Caching introduces one classic problem: stale data. A few common strategies help address this:

  • Time-based expiry (TTL): what the examples above use. Simple, but the cache may be stale for up to TTL_MS milliseconds.

  • Manual invalidation: after a mutation (POST/PUT/DELETE), explicitly delete the relevant cache keys so the next read fetches fresh data.

  • Stale-while-revalidate: serve the cached copy immediately, then refresh it in the background. The browser Cache-Control header supports this natively. You can replicate it manually by returning the cached value and triggering a background fetch at the same time.

The right choice depends on how often the data changes and how much staleness your users can tolerate.

Conclusion

In this article, we started with a simple fetch() call and progressively added patterns to handle real-world networking challenges: out-of-order responses, slow networks, random failures, retries, cancellation, rate limiting, circuit breaking, request coalescing, and caching.
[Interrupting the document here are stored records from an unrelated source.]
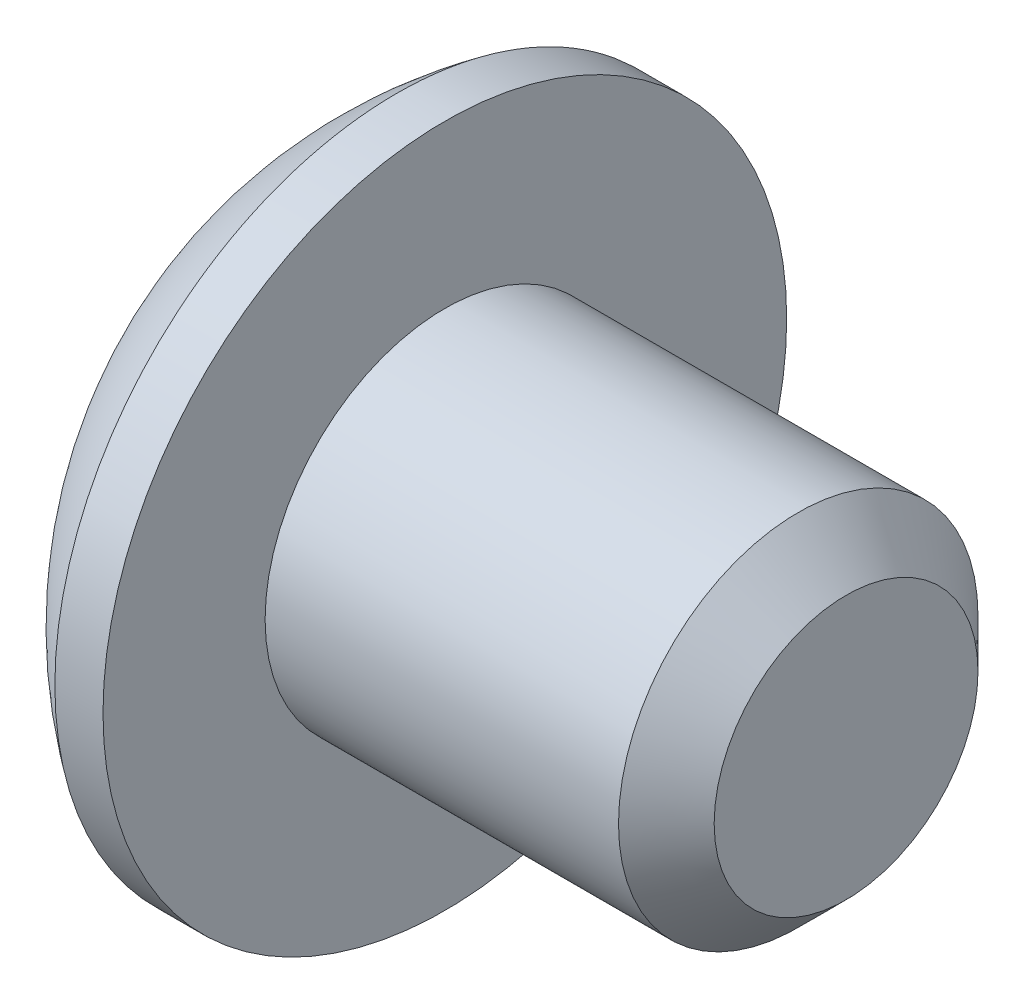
ISO-10303-21;
HEADER;
FILE_DESCRIPTION(('STEP AP214'),'2;1');
FILE_NAME('part.step','',(''),(''),'','','');
FILE_SCHEMA(('AUTOMOTIVE_DESIGN { 1 0 10303 214 1 1 1 1 }'));
ENDSEC;
DATA;
#1=APPLICATION_CONTEXT('core data for automotive mechanical design processes');
#2=APPLICATION_PROTOCOL_DEFINITION('international standard','automotive_design',2000,#1);
#3=PRODUCT_CONTEXT('',#1,'mechanical');
#4=PRODUCT('Part','Part','',(#3));
#5=PRODUCT_RELATED_PRODUCT_CATEGORY('part','',(#4));
#6=PRODUCT_DEFINITION_FORMATION('','',#4);
#7=PRODUCT_DEFINITION_CONTEXT('part definition',#1,'design');
#8=PRODUCT_DEFINITION('design','',#6,#7);
#9=PRODUCT_DEFINITION_SHAPE('','',#8);
#10=(LENGTH_UNIT() NAMED_UNIT(*) SI_UNIT(.MILLI.,.METRE.));
#11=(NAMED_UNIT(*) PLANE_ANGLE_UNIT() SI_UNIT($,.RADIAN.));
#12=(NAMED_UNIT(*) SI_UNIT($,.STERADIAN.) SOLID_ANGLE_UNIT());
#13=UNCERTAINTY_MEASURE_WITH_UNIT(LENGTH_MEASURE(1.E-05),#10,'distance_accuracy_value','');
#14=(GEOMETRIC_REPRESENTATION_CONTEXT(3) GLOBAL_UNCERTAINTY_ASSIGNED_CONTEXT((#13)) GLOBAL_UNIT_ASSIGNED_CONTEXT((#10,
#11,#12)) REPRESENTATION_CONTEXT('',''));
#15=CARTESIAN_POINT('',(0.,0.,0.));
#16=DIRECTION('',(0.,0.,1.));
#17=DIRECTION('',(1.,0.,0.));
#18=AXIS2_PLACEMENT_3D('',#15,#16,#17);
#19=CARTESIAN_POINT('',(0.889000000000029,0.,0.));
#20=DIRECTION('',(-1.,0.,0.));
#21=DIRECTION('',(0.,0.,1.));
#22=AXIS2_PLACEMENT_3D('',#19,#20,#21);
#23=CONICAL_SURFACE('',#22,0.787399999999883,1.04719755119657);
#24=CARTESIAN_POINT('',(1.3436056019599,0.,0.));
#25=VERTEX_POINT('',#24);
#26=VERTEX_LOOP('',#25);
#27=FACE_BOUND('',#26,.T.);
#28=CARTESIAN_POINT('',(0.888999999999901,0.,0.));
#29=DIRECTION('',(-1.,0.,0.));
#30=DIRECTION('',(0.,0.,1.));
#31=AXIS2_PLACEMENT_3D('',#28,#29,#30);
#32=CIRCLE('',#31,0.787400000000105);
#33=CARTESIAN_POINT('',(0.88899999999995,-0.681908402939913,0.393700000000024));
#34=VERTEX_POINT('',#33);
#35=CARTESIAN_POINT('',(0.888999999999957,0.,0.787400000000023));
#36=VERTEX_POINT('',#35);
#37=EDGE_CURVE('E20',#34,#36,#32,.T.);
#38=ORIENTED_EDGE('',*,*,#37,.T.);
#39=CARTESIAN_POINT('',(0.888999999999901,0.,0.));
#40=DIRECTION('',(-1.,0.,0.));
#41=DIRECTION('',(0.,0.,1.));
#42=AXIS2_PLACEMENT_3D('',#39,#40,#41);
#43=CIRCLE('',#42,0.787400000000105);
#44=CARTESIAN_POINT('',(0.88899999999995,0.681908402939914,0.393700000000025));
#45=VERTEX_POINT('',#44);
#46=EDGE_CURVE('E150',#36,#45,#43,.T.);
#47=ORIENTED_EDGE('',*,*,#46,.T.);
#48=CARTESIAN_POINT('',(0.888999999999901,0.,0.));
#49=DIRECTION('',(-1.,0.,0.));
#50=DIRECTION('',(0.,0.,1.));
#51=AXIS2_PLACEMENT_3D('',#48,#49,#50);
#52=CIRCLE('',#51,0.787400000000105);
#53=CARTESIAN_POINT('',(0.88899999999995,0.681908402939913,-0.393700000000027));
#54=VERTEX_POINT('',#53);
#55=EDGE_CURVE('E438',#45,#54,#52,.T.);
#56=ORIENTED_EDGE('',*,*,#55,.T.);
#57=CARTESIAN_POINT('',(0.888999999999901,0.,0.));
#58=DIRECTION('',(-1.,0.,0.));
#59=DIRECTION('',(0.,0.,1.));
#60=AXIS2_PLACEMENT_3D('',#57,#58,#59);
#61=CIRCLE('',#60,0.787400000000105);
#62=CARTESIAN_POINT('',(0.888999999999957,0.,-0.787400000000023));
#63=VERTEX_POINT('',#62);
#64=EDGE_CURVE('E439',#54,#63,#61,.T.);
#65=ORIENTED_EDGE('',*,*,#64,.T.);
#66=CARTESIAN_POINT('',(0.888999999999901,0.,0.));
#67=DIRECTION('',(-1.,0.,0.));
#68=DIRECTION('',(0.,0.,1.));
#69=AXIS2_PLACEMENT_3D('',#66,#67,#68);
#70=CIRCLE('',#69,0.787400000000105);
#71=CARTESIAN_POINT('',(0.88899999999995,-0.681908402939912,-0.393700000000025));
#72=VERTEX_POINT('',#71);
#73=EDGE_CURVE('E110',#63,#72,#70,.T.);
#74=ORIENTED_EDGE('',*,*,#73,.T.);
#75=CARTESIAN_POINT('',(0.888999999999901,0.,0.));
#76=DIRECTION('',(-1.,0.,0.));
#77=DIRECTION('',(0.,0.,1.));
#78=AXIS2_PLACEMENT_3D('',#75,#76,#77);
#79=CIRCLE('',#78,0.787400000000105);
#80=EDGE_CURVE('E96',#72,#34,#79,.T.);
#81=ORIENTED_EDGE('',*,*,#80,.T.);
#82=EDGE_LOOP('',(#38,#47,#56,#65,#74,#81));
#83=FACE_BOUND('',#82,.T.);
#84=ADVANCED_FACE('F17',(#27,#83),#23,.F.);
#85=CARTESIAN_POINT('',(0.889,-1.36381680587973,-0.7874));
#86=DIRECTION('',(1.,0.,0.));
#87=DIRECTION('',(0.,0.,-1.));
#88=AXIS2_PLACEMENT_3D('',#85,#86,#87);
#89=PLANE('',#88);
#90=DIRECTION('',(0.,0.499999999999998,0.86602540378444));
#91=VECTOR('',#90,1.);
#92=CARTESIAN_POINT('',(0.889,-0.90921120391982,0.));
#93=LINE('',#92,#91);
#94=CARTESIAN_POINT('',(0.889,-0.454605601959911,0.787400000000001));
#95=VERTEX_POINT('',#94);
#96=EDGE_CURVE('E91',#95,#34,#93,.F.);
#97=ORIENTED_EDGE('',*,*,#96,.F.);
#98=DIRECTION('',(0.,1.,0.));
#99=VECTOR('',#98,1.);
#100=CARTESIAN_POINT('',(0.889,-0.454605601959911,0.787400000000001));
#101=LINE('',#100,#99);
#102=EDGE_CURVE('E92',#36,#95,#101,.F.);
#103=ORIENTED_EDGE('',*,*,#102,.F.);
#104=ORIENTED_EDGE('',*,*,#37,.F.);
#105=EDGE_LOOP('',(#97,#103,#104));
#106=FACE_BOUND('',#105,.T.);
#107=ADVANCED_FACE('F90',(#106),#89,.F.);
#108=CARTESIAN_POINT('',(0.889,-1.36381680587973,-0.7874));
#109=DIRECTION('',(1.,0.,0.));
#110=DIRECTION('',(0.,0.,-1.));
#111=AXIS2_PLACEMENT_3D('',#108,#109,#110);
#112=PLANE('',#111);
#113=DIRECTION('',(0.,-0.499999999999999,0.866025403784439));
#114=VECTOR('',#113,1.);
#115=CARTESIAN_POINT('',(0.889,-0.454605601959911,-0.7874));
#116=LINE('',#115,#114);
#117=CARTESIAN_POINT('',(0.889,-0.90921120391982,0.));
#118=VERTEX_POINT('',#117);
#119=EDGE_CURVE('E116',#118,#72,#116,.F.);
#120=ORIENTED_EDGE('',*,*,#119,.F.);
#121=DIRECTION('',(0.,0.499999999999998,0.86602540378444));
#122=VECTOR('',#121,1.);
#123=CARTESIAN_POINT('',(0.889,-0.90921120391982,0.));
#124=LINE('',#123,#122);
#125=EDGE_CURVE('E103',#34,#118,#124,.F.);
#126=ORIENTED_EDGE('',*,*,#125,.F.);
#127=ORIENTED_EDGE('',*,*,#80,.F.);
#128=EDGE_LOOP('',(#120,#126,#127));
#129=FACE_BOUND('',#128,.T.);
#130=ADVANCED_FACE('F115',(#129),#112,.F.);
#131=CARTESIAN_POINT('',(0.889,-1.36381680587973,-0.7874));
#132=DIRECTION('',(1.,0.,0.));
#133=DIRECTION('',(0.,0.,-1.));
#134=AXIS2_PLACEMENT_3D('',#131,#132,#133);
#135=PLANE('',#134);
#136=DIRECTION('',(0.,-1.,0.));
#137=VECTOR('',#136,1.);
#138=CARTESIAN_POINT('',(0.889,0.454605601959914,-0.787400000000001));
#139=LINE('',#138,#137);
#140=CARTESIAN_POINT('',(0.889,-0.454605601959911,-0.7874));
#141=VERTEX_POINT('',#140);
#142=EDGE_CURVE('E410',#141,#63,#139,.F.);
#143=ORIENTED_EDGE('',*,*,#142,.F.);
#144=DIRECTION('',(0.,-0.499999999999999,0.866025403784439));
#145=VECTOR('',#144,1.);
#146=CARTESIAN_POINT('',(0.889,-0.454605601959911,-0.7874));
#147=LINE('',#146,#145);
#148=EDGE_CURVE('E422',#72,#141,#147,.F.);
#149=ORIENTED_EDGE('',*,*,#148,.F.);
#150=ORIENTED_EDGE('',*,*,#73,.F.);
#151=EDGE_LOOP('',(#143,#149,#150));
#152=FACE_BOUND('',#151,.T.);
#153=ADVANCED_FACE('F195',(#152),#135,.F.);
#154=CARTESIAN_POINT('',(0.889,-1.36381680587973,-0.7874));
#155=DIRECTION('',(1.,0.,0.));
#156=DIRECTION('',(0.,0.,-1.));
#157=AXIS2_PLACEMENT_3D('',#154,#155,#156);
#158=PLANE('',#157);
#159=DIRECTION('',(0.,-0.5,-0.866025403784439));
#160=VECTOR('',#159,1.);
#161=CARTESIAN_POINT('',(0.889,0.909211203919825,0.));
#162=LINE('',#161,#160);
#163=CARTESIAN_POINT('',(0.889,0.454605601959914,-0.787400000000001));
#164=VERTEX_POINT('',#163);
#165=EDGE_CURVE('E396',#164,#54,#162,.F.);
#166=ORIENTED_EDGE('',*,*,#165,.F.);
#167=DIRECTION('',(0.,-1.,0.));
#168=VECTOR('',#167,1.);
#169=CARTESIAN_POINT('',(0.889,0.454605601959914,-0.787400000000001));
#170=LINE('',#169,#168);
#171=EDGE_CURVE('E408',#63,#164,#170,.F.);
#172=ORIENTED_EDGE('',*,*,#171,.F.);
#173=ORIENTED_EDGE('',*,*,#64,.F.);
#174=EDGE_LOOP('',(#166,#172,#173));
#175=FACE_BOUND('',#174,.T.);
#176=ADVANCED_FACE('F191',(#175),#158,.F.);
#177=CARTESIAN_POINT('',(0.889,-1.36381680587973,-0.7874));
#178=DIRECTION('',(1.,0.,0.));
#179=DIRECTION('',(0.,0.,-1.));
#180=AXIS2_PLACEMENT_3D('',#177,#178,#179);
#181=PLANE('',#180);
#182=DIRECTION('',(0.,0.499999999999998,-0.86602540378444));
#183=VECTOR('',#182,1.);
#184=CARTESIAN_POINT('',(0.889,0.454605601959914,0.787400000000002));
#185=LINE('',#184,#183);
#186=CARTESIAN_POINT('',(0.889,0.909211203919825,0.));
#187=VERTEX_POINT('',#186);
#188=EDGE_CURVE('E372',#187,#45,#185,.F.);
#189=ORIENTED_EDGE('',*,*,#188,.F.);
#190=DIRECTION('',(0.,-0.5,-0.866025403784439));
#191=VECTOR('',#190,1.);
#192=CARTESIAN_POINT('',(0.889,0.909211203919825,0.));
#193=LINE('',#192,#191);
#194=EDGE_CURVE('E394',#54,#187,#193,.F.);
#195=ORIENTED_EDGE('',*,*,#194,.F.);
#196=ORIENTED_EDGE('',*,*,#55,.F.);
#197=EDGE_LOOP('',(#189,#195,#196));
#198=FACE_BOUND('',#197,.T.);
#199=ADVANCED_FACE('F187',(#198),#181,.F.);
#200=CARTESIAN_POINT('',(0.889,-1.36381680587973,-0.7874));
#201=DIRECTION('',(1.,0.,0.));
#202=DIRECTION('',(0.,0.,-1.));
#203=AXIS2_PLACEMENT_3D('',#200,#201,#202);
#204=PLANE('',#203);
#205=DIRECTION('',(0.,1.,0.));
#206=VECTOR('',#205,1.);
#207=CARTESIAN_POINT('',(0.889,-0.454605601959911,0.787400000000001));
#208=LINE('',#207,#206);
#209=CARTESIAN_POINT('',(0.889,0.454605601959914,0.787400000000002));
#210=VERTEX_POINT('',#209);
#211=EDGE_CURVE('E130',#210,#36,#208,.F.);
#212=ORIENTED_EDGE('',*,*,#211,.F.);
#213=DIRECTION('',(0.,0.499999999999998,-0.86602540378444));
#214=VECTOR('',#213,1.);
#215=CARTESIAN_POINT('',(0.889,0.454605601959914,0.787400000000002));
#216=LINE('',#215,#214);
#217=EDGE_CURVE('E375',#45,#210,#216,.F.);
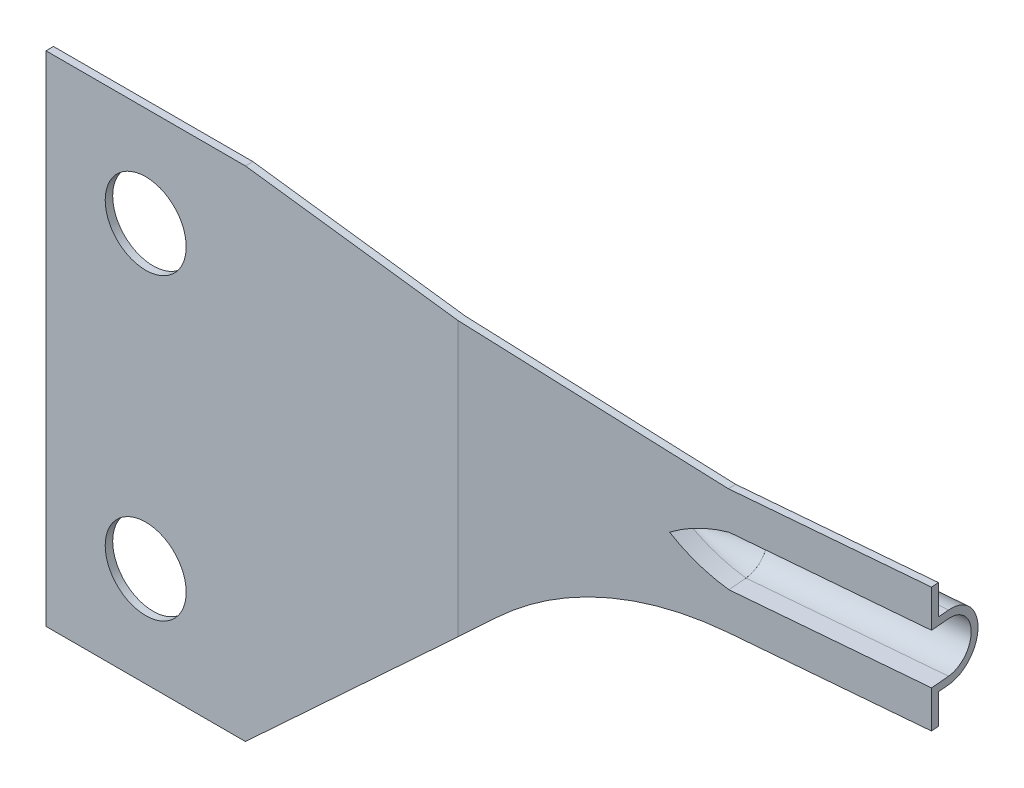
from build123d import *

# Parameters (mm, degrees)
ESQUISSE2_R                  = 3.25
BASE_EXTRUSION_DEPTH         = 10
ENL_V_MAT_EXTRU_2_DEPTH      = 80.523581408
ENL_V_MAT_EXTRU_4_DEPTH      = 74.205464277
BOSS_EXTRU_1_DEPTH           = 15
ESQUISSE13_W                 = 0.597716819
ESQUISSE13_H                 = 4
ENL_V_MAT_EXTRU_10_DEPTH     = 15
BOSS_R_VOL_2_ANGLE           = 90
R_P_TITION_CIRCULAIRE2_COUNT = 2
R_P_TITION_CIRCULAIRE2_ANGLE = 90
ENL_V_MAT_EXTRU_11_REACH     = 80.56
BOSS_EXTRU_4_REACH           = 80.532


with BuildPart() as part:
    # Esquisse2 → Base-Extrusion (new body)
    with BuildSketch(Plane.XY):
        with BuildLine():
            Line((0, 0), (16, 0))
            Line((16, 0), (36.008980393, 18.53862734))
            ThreePointArc((36.008980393, 18.53862734), (43.874915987, 23.475155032), (53, 25.2))
            Line((53, 25.2), (68, 25.2))
            Line((68, 25.2), (68, 35.2))
            Line((68, 35.2), (53, 35.2))
            Line((53, 35.2), (16, 40))
            Line((16, 40), (0, 40))
            Line((0, 40), (0, 0))
        make_face()
        with Locations(Location((8, 32, 0), (0, 0, 180))):
            Circle(ESQUISSE2_R, mode=Mode.SUBTRACT)
        with Locations(Location((8, 8, 0), (0, 0, 180))):
            Circle(ESQUISSE2_R, mode=Mode.SUBTRACT)
    extrude(amount=BASE_EXTRUSION_DEPTH)

    # Esquisse3 → Enl_v. mat.-Extru.2 (cut, through all)
    with BuildSketch(Plane(origin=(0, 0, 0), x_dir=(1, 0, 0), z_dir=(0, 1, 0))):
        Polygon((-11.405598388, -10), (33.076363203, -10), (71.342209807, -6.652172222), (73.022460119, -25.85752117), (10.240200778, -30.630397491), (-14.947793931, -16.170018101), align=None)
        Polygon((70.111206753, 7.418257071), (71.290115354, -6.056729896), (33.076363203, -9.4), (-11.061139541, -9.4), (0.076363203, 10), align=None)
    extrude(amount=ENL_V_MAT_EXTRU_2_DEPTH, mode=Mode.SUBTRACT)

    # Esquisse4 → Enl_v. mat.-Extru.4 (cut, through all)
    with BuildSketch(Plane.XZ.offset(-25.2)):
        Polygon((68, 6.944577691), (67.783058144, 4.464920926), (68.445561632, 6.905596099), align=None)
    extrude(amount=-ENL_V_MAT_EXTRU_4_DEPTH, mode=Mode.SUBTRACT)

    # Esquisse5 → Boss.-Extru.1 (add)
    with BuildSketch(Plane(origin=(66.880506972, 0, -5.851286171), x_dir=(-0.08715574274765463, 0, -0.9961946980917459), z_dir=(0.9961946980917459, 0, -0.08715574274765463))):
        with BuildLine():
            Line((-12.247025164, 28.2), (-12.247025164, 27.6))
            Line((-12.247025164, 27.6), (-11.344741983, 27.6))
            ThreePointArc((-11.344741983, 27.6), (-8.744741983, 30.2), (-11.344741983, 32.8))
            Line((-11.344741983, 32.8), (-12.247025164, 32.8))
            Line((-12.247025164, 32.8), (-12.247025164, 32.2))
            Line((-12.247025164, 32.2), (-11.344741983, 32.2))
            ThreePointArc((-11.344741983, 32.2), (-9.344741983, 30.2), (-11.344741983, 28.2))
            Line((-11.344741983, 28.2), (-12.247025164, 28.2))
        make_face()
    extrude(amount=-BOSS_EXTRU_1_DEPTH)

    # Esquisse13 → Enl_v. mat.-Extru.10 (cut)
    with BuildSketch(Plane(origin=(66.880506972, 0, -5.851286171), x_dir=(-0.08715574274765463, 0, -0.9961946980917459), z_dir=(0.9961946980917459, 0, -0.08715574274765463))):
        with Locations((-12.545883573, 30.2)):
            Rectangle(ESQUISSE13_W, ESQUISSE13_H)
    extrude(amount=-ENL_V_MAT_EXTRU_10_DEPTH, mode=Mode.SUBTRACT)

    # Esquisse14 → Boss.-R_vol.2 (revolve)
    with BuildSketch(Plane(origin=(0, 30.2, 0), x_dir=(-1, 0, 0), z_dir=(0, 1, 0))):
        with BuildLine():
            Line((-52.699895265, 4.169279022), (-52.752188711, 4.76699584))
            ThreePointArc((-52.752188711, 4.76699584), (-50.520750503, 5.729088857), (-48.543089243, 7.141107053))
            Line((-48.543089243, 7.141107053), (-47.945372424, 7.193400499))
            ThreePointArc((-47.945372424, 7.193400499), (-50.153447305, 5.415344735), (-52.699895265, 4.169279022))
        make_face()
    boss_r_vol_2 = revolve(axis=Axis((56.386736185, 30.2, 6.454876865), (0.9961946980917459, 0, -0.08715574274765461)), revolution_arc=BOSS_R_VOL_2_ANGLE)

    # R_p_tition circulaire2: Boss.-R_vol.2 ×2 about axis
    r_p_tition_circulaire2_axis = Axis((56.386736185, 30.2, 6.454876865), (-0.9961946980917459, 0, 0.08715574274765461))
    for i in range(1, R_P_TITION_CIRCULAIRE2_COUNT):
        add(boss_r_vol_2.rotate(r_p_tition_circulaire2_axis, i * R_P_TITION_CIRCULAIRE2_ANGLE / (R_P_TITION_CIRCULAIRE2_COUNT - 1)))

    # Esquisse15 → Enl_v. mat.-Extru.11 (cut, up to next)
    with BuildSketch(Plane(origin=(1.119493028, 0, 12.795863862), x_dir=(0.9961946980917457, 0, -0.08715574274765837), z_dir=(0.08715574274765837, 0, 0.9961946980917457)), mode=Mode.PRIVATE) as enl_v_mat_extru_11_sk1:
        with BuildLine():
            Line((52.135979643, 32.198229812), (52.135979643, 28.201770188))
            ThreePointArc((52.135979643, 28.201770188), (49.8291808, 28.965719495), (47.735979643, 30.2))
            ThreePointArc((47.735979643, 30.2), (49.8291808, 31.434280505), (52.135979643, 32.198229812))
        make_face()
    enl_v_mat_extru_11_tool1 = extrude(enl_v_mat_extru_11_sk1.sketch, amount=-ENL_V_MAT_EXTRU_11_REACH, mode=Mode.PRIVATE) & part.part
    add(enl_v_mat_extru_11_tool1.solids().sort_by_distance((51.472709, 30.2, 8.390528))[0], mode=Mode.SUBTRACT)

    # Esquisse17 → Boss.-Extru.4 (add, up to next)
    with BuildSketch(Plane(origin=(1.067398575, 0, 12.200421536), x_dir=(-0.9961946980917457, 0, 0.08715574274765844), z_dir=(-0.08715574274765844, 0, -0.9961946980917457)), mode=Mode.PRIVATE) as boss_extru_4_sk1:
        with BuildLine():
            Line((-52.135979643, 32.798229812), (-52.135979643, 32.198229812))
            ThreePointArc((-52.135979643, 32.198229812), (-49.8291808, 31.434280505), (-47.735979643, 30.2))
            ThreePointArc((-47.735979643, 30.2), (-49.8291808, 28.965719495), (-52.135979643, 28.201770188))
            Line((-52.135979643, 28.201770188), (-52.135979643, 27.601770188))
            ThreePointArc((-52.135979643, 27.601770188), (-49.490619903, 28.621156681), (-47.135979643, 30.2))
            ThreePointArc((-47.135979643, 30.2), (-49.490619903, 31.778843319), (-52.135979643, 32.798229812))
        make_face()
    boss_extru_4_tool1 = extrude(boss_extru_4_sk1.sketch, amount=BOSS_EXTRU_4_REACH, mode=Mode.PRIVATE) - part.part
    add(boss_extru_4_tool1.solids().sort_by_distance((50.402817, 31.714854, 7.884132))[0])


solid = part.part

We also introduced libraries like ky and ffetch that provide many of these features out of the box, making it easier to write production-ready networking code without reinventing the wheel.

You don't need all of these on day one. Start with res.ok and an AbortController. Add retries when transient failures start showing up in your error logs. Add a circuit breaker when a downstream dependency has reliability problems.

Let the problems surface, then apply the pattern. The key is to understand the trade-offs and choose the right tool for your specific use case.

With these patterns in your toolkit, you'll be better equipped to build resilient, user-friendly applications that can handle the unpredictability of real-world networks.